What sort of RCS transmitter is it? Does it have 8 buttons? 
If so please measure the TX battery voltage when you are pressing a button to load the battery up. If it is less than about 8.5 volts under load you will likely need a new battery. 
Only use a 9 volt Alkaline battery, not a carbon one, and definitely not a rechargeable battery. 

What sort of Phoenix is it? 
If a P2k2, are you certain the DCC address is set to 0 (zero) and all the DCC function commands disabled. 
If it is possible to disconnect the Phoenix please do so and see if that improves the range. 

If by chance the TX handpiece has been dropped you may have a broken crystal which will severely limit the range. 

If the TX has failed I will have it replaced under warranty.


----------



## CCSII (Jan 3, 2008)

Tony-


It is the eight button TX-24 with a frequency of 27.145 Mhz.


I changed the battery twice and the current one reads at 9 or 8.9 volts with no buttons pressed and 8.8 volts with a button pressed. 


To the best of my knowledge the unit has not been dropped or mishandled (no kids or pets in the house)

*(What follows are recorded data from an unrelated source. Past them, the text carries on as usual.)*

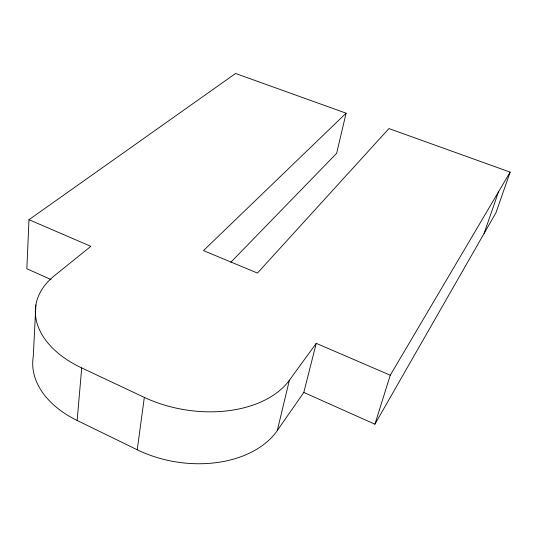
<?xml version="1.0" encoding="UTF-8"?>
<svg xmlns="http://www.w3.org/2000/svg" width="537" height="537" viewBox="0 0 537 537"><rect width="100%" height="100%" fill="white"/><g stroke="black" fill="none" stroke-linecap="round" stroke-linejoin="round"><path stroke-width="0.81" d="M230.836 262.257L336.625 153.347L346.097 113.186L235.568 73.482L28.991 219.693L26.85 268.748L51.069 279.562M35.892 304.962L33.26 356.555A98.17 65.091 5.4 0 0 77.147 420.471L137.237 449.784A99.365 67.796 8.7 0 0 277.287 430.567L303.808 392.446L316.239 343.344L390.271 375.215L510.15 172.135L388.936 128.571L257.438 273.078L203.489 250.584L346.097 113.186M77.147 420.471L81.705 367.932A101.788 63.319 6.1 0 1 54.412 275.703L90.86 246.329L28.991 219.693M137.237 449.784L144.325 397.387L81.705 367.932M277.287 430.567L289.383 380.243L316.239 343.344M303.808 392.446L374.92 424.203L390.271 375.215M484.099 233.447L498.477 191.91M510.15 172.135L496 212.659L374.92 424.203M289.383 380.243A103.104 66.031 9 0 1 144.325 397.387"/></g></svg>
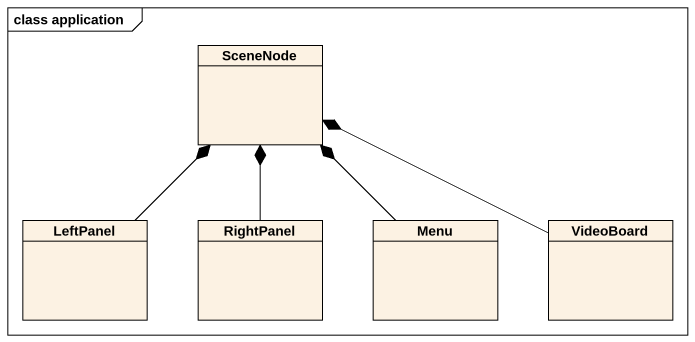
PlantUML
@startuml
mainframe class application
hide circle
hide empty members
class SceneNode
class LeftPanel
class RightPanel
class Menu
class VideoBoard
LeftPanel -up-* SceneNode
RightPanel -up-* SceneNode
Menu -up-* SceneNode
VideoBoard -left-* SceneNode
@enduml
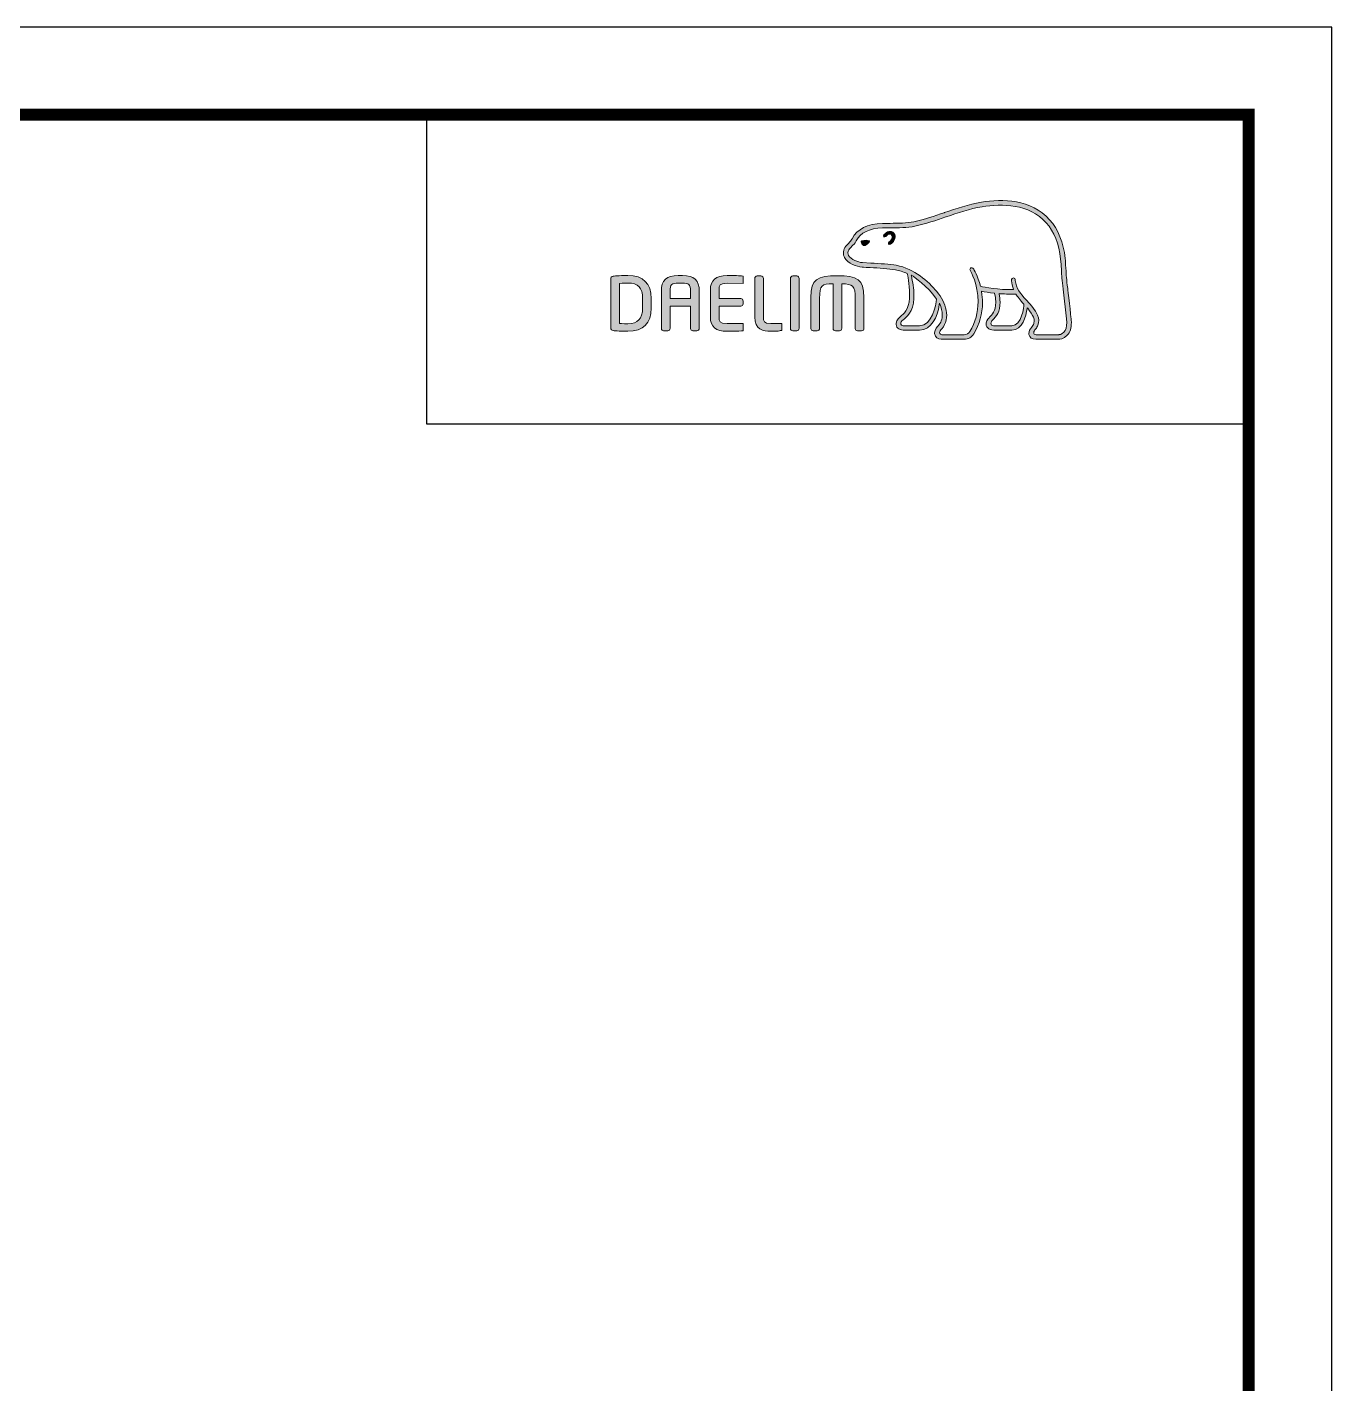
# Model space of a CAD drawing. Extents: x 5051 to 8526, y -300 to 2247.
# Drawn here: x 7644 to 8526, y 1329 to 2247 of the extents above; entities that cross this region are included whole.
import ezdxf

# ---------------------------------------------------------------- set-up
doc = ezdxf.new("R2010")
doc.units = 0
doc.header["$LTSCALE"] = 4
doc.header["$MEASUREMENT"] = 0
doc.layers.get('0').update_dxf_attribs({"linetype": 'CONTINUOUS'})
doc.layers.add('레이어 1', color=7, linetype='CONTINUOUS', lineweight=0)

msp = doc.modelspace()

# ---------------------------------------------------------------- hatches: boundary and pattern name
at = {"layer": '레이어 1'}
h = msp.add_hatch(color=5, dxfattribs=at)
h.dxf.hatch_style = 1
edge = h.paths.add_edge_path(flags=16)
edge.add_spline(control_points=[(8345.11, 2040.41), (8343.59, 2038.74), (8341.69, 2038.72), (8341.61, 2038.72), (8341.61, 2038.72), (8326.36, 2038.72), (8326.36, 2038.72), (8325.8, 2038.72), (8325.37, 2038.86), (8325.1, 2039.14), (8324.87, 2039.36), (8324.75, 2039.71), (8324.75, 2040.14), (8324.75, 2041), (8325.38, 2041.79), (8326.05, 2042.63), (8326.67, 2043.42), (8327.25, 2044.17), (8327.58, 2045.1), (8328.42, 2047.34), (8328.33, 2049.74), (8327.33, 2051.85), (8325.53, 2055.67), (8322.86, 2058.67), (8320.27, 2061.57), (8320.27, 2061.57), (8319.4, 2062.53), (8319.4, 2062.54), (8316.03, 2066.29), (8312.56, 2070.17), (8312.28, 2075.43), (8312.22, 2076.47), (8311.74, 2077.1), (8311.07, 2077.07), (8311.07, 2077.07), (8310.08, 2076.6), (8310.06, 2076.6), (8309.79, 2076.31), (8309.64, 2075.87), (8309.64, 2075.36), (8309.64, 2075.36), (8309.65, 2075.19), (8309.65, 2075.18), (8309.79, 2073.28), (8310.24, 2071.42), (8311.04, 2069.48), (8311.04, 2069.48), (8311.12, 2069.29), (8311.12, 2069.29), (8311.12, 2069.29), (8310.91, 2069.28), (8310.91, 2069.28), (8301.12, 2068.89), (8291.53, 2070.74), (8288.71, 2071.42), (8286.97, 2078.42), (8284.14, 2083.06), (8284.02, 2083.26), (8283.8, 2083.62), (8283.45, 2083.9), (8283.11, 2084), (8283.11, 2084), (8282.29, 2083.87), (8282.19, 2083.86), (8282.12, 2083.76), (8281.98, 2083.56), (8281.66, 2083.13), (8281.66, 2083.13), (8281.62, 2082.79), (8281.62, 2082.79), (8281.62, 2082.79), (8281.88, 2081.87), (8281.88, 2081.87), (8282.09, 2081.5), (8287.12, 2072.7), (8287.12, 2061.04), (8287.12, 2053.84), (8285.23, 2047.06), (8281.5, 2040.87), (8280.61, 2039.38), (8279.44, 2038.72), (8277.69, 2038.72), (8277.69, 2038.72), (8262.66, 2038.72), (8262.66, 2038.72), (8262.16, 2038.72), (8261.12, 2039.07), (8261.12, 2040.16), (8261.12, 2040.76), (8261.68, 2041.74), (8262.6, 2042.78), (8268.87, 2049.75), (8265.25, 2060.64), (8259.25, 2067.82), (8253.45, 2074.74), (8243.98, 2083.45), (8231.82, 2085.62), (8227.51, 2086.37), (8220.43, 2086.79), (8214.72, 2087.13), (8214.72, 2087.13), (8208.94, 2087.47), (8208.94, 2087.47), (8205.97, 2087.7), (8201.07, 2089.52), (8199.58, 2092.35), (8198.95, 2093.52), (8199.02, 2094.7), (8199.81, 2096.07), (8200.31, 2096.89), (8200.99, 2097.6), (8201.85, 2098.46), (8202.8, 2099.42), (8203.77, 2100.42), (8204.53, 2101.73), (8204.53, 2101.73), (8204.75, 2102.14), (8204.75, 2102.14), (8207.66, 2107.69), (8213.63, 2110.62), (8222.53, 2110.86), (8222.53, 2110.86), (8227.55, 2110.92), (8227.55, 2110.92), (8233.06, 2110.94), (8239.31, 2110.98), (8244.44, 2112.08), (8251.66, 2113.63), (8258.89, 2116.1), (8265.28, 2118.28), (8265.28, 2118.28), (8265.48, 2118.35), (8265.48, 2118.35), (8273.38, 2121.05), (8281.55, 2123.84), (8289.9, 2125.2), (8303.27, 2127.41), (8321.62, 2127.34), (8333.16, 2114.38), (8338.5, 2108.38), (8341.79, 2100.12), (8342.92, 2089.84), (8342.92, 2089.84), (8342.88, 2089.88), (8342.84, 2089.91), (8342.93, 2089.71), (8343.01, 2088.55), (8343.49, 2082.01), (8343.63, 2078.87), (8343.77, 2075.62), (8344.59, 2069.58), (8344.59, 2069.58), (8346.92, 2049.41), (8346.92, 2049.41), (8346.92, 2049.41), (8347.06, 2046.95), (8347.06, 2046.95), (8347.06, 2044.06), (8346.41, 2041.86), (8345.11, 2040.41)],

I hoped to eliminate the transmitter first before I started taking things apart. My second step would be disconnecting the Phoenix 2k2 and eliminating (or identifying) the receiver as the problem. If the transmitter and receiver are fine then I have to figure out how I am going to deal with the Phoenix as I am a Mac person and their software runs on PCs. I have an Intel Mac so I could run an emulator (money) and Windows (more money) and use a serial adaptor (even more money) so it seemed prudent to go trans (easy peasy) then rec (some disassembly) then 2k2 (disassembly and money.)


Charley


----------



## TonyWalsham (Jan 2, 2008)

Charley. 

Battery voltage should be OK. 

Next thing to try is the disconnecting the P2k2 pcb. 
If that solves the problem it won't be the TX-24.


----------



## lotsasteam (Jan 3, 2008)

Hi Tony! 
i remember i had a simular problem ca 5 years ago,up on contacting you you sent me a new plug in something?(voltage regulator?)You said those thinks get Zapped when they go to the customs check! 
Worked since and i am a happy RCS customer! 
manfred Diel SA # 1313


----------



## TonyWalsham (Jan 2, 2008)

Hello Manfred. 

The early RCS units used a proprietary 28 pin PLCC IC supplied by ELSEMA as the first stage signal decoder. These have been known to fail for no apparent reason. 
I stopped using them quite some time ago when all the decoding was put into the PIC. 
It is also true that the PIC I now use as the brains can become "confused" when the system passes through the scanners used by US Customs. This problem has largely been eliminated by my sending the products to the overseas distributors in shielded bags. 
The problem Charley has could be the PIC but I doubt it.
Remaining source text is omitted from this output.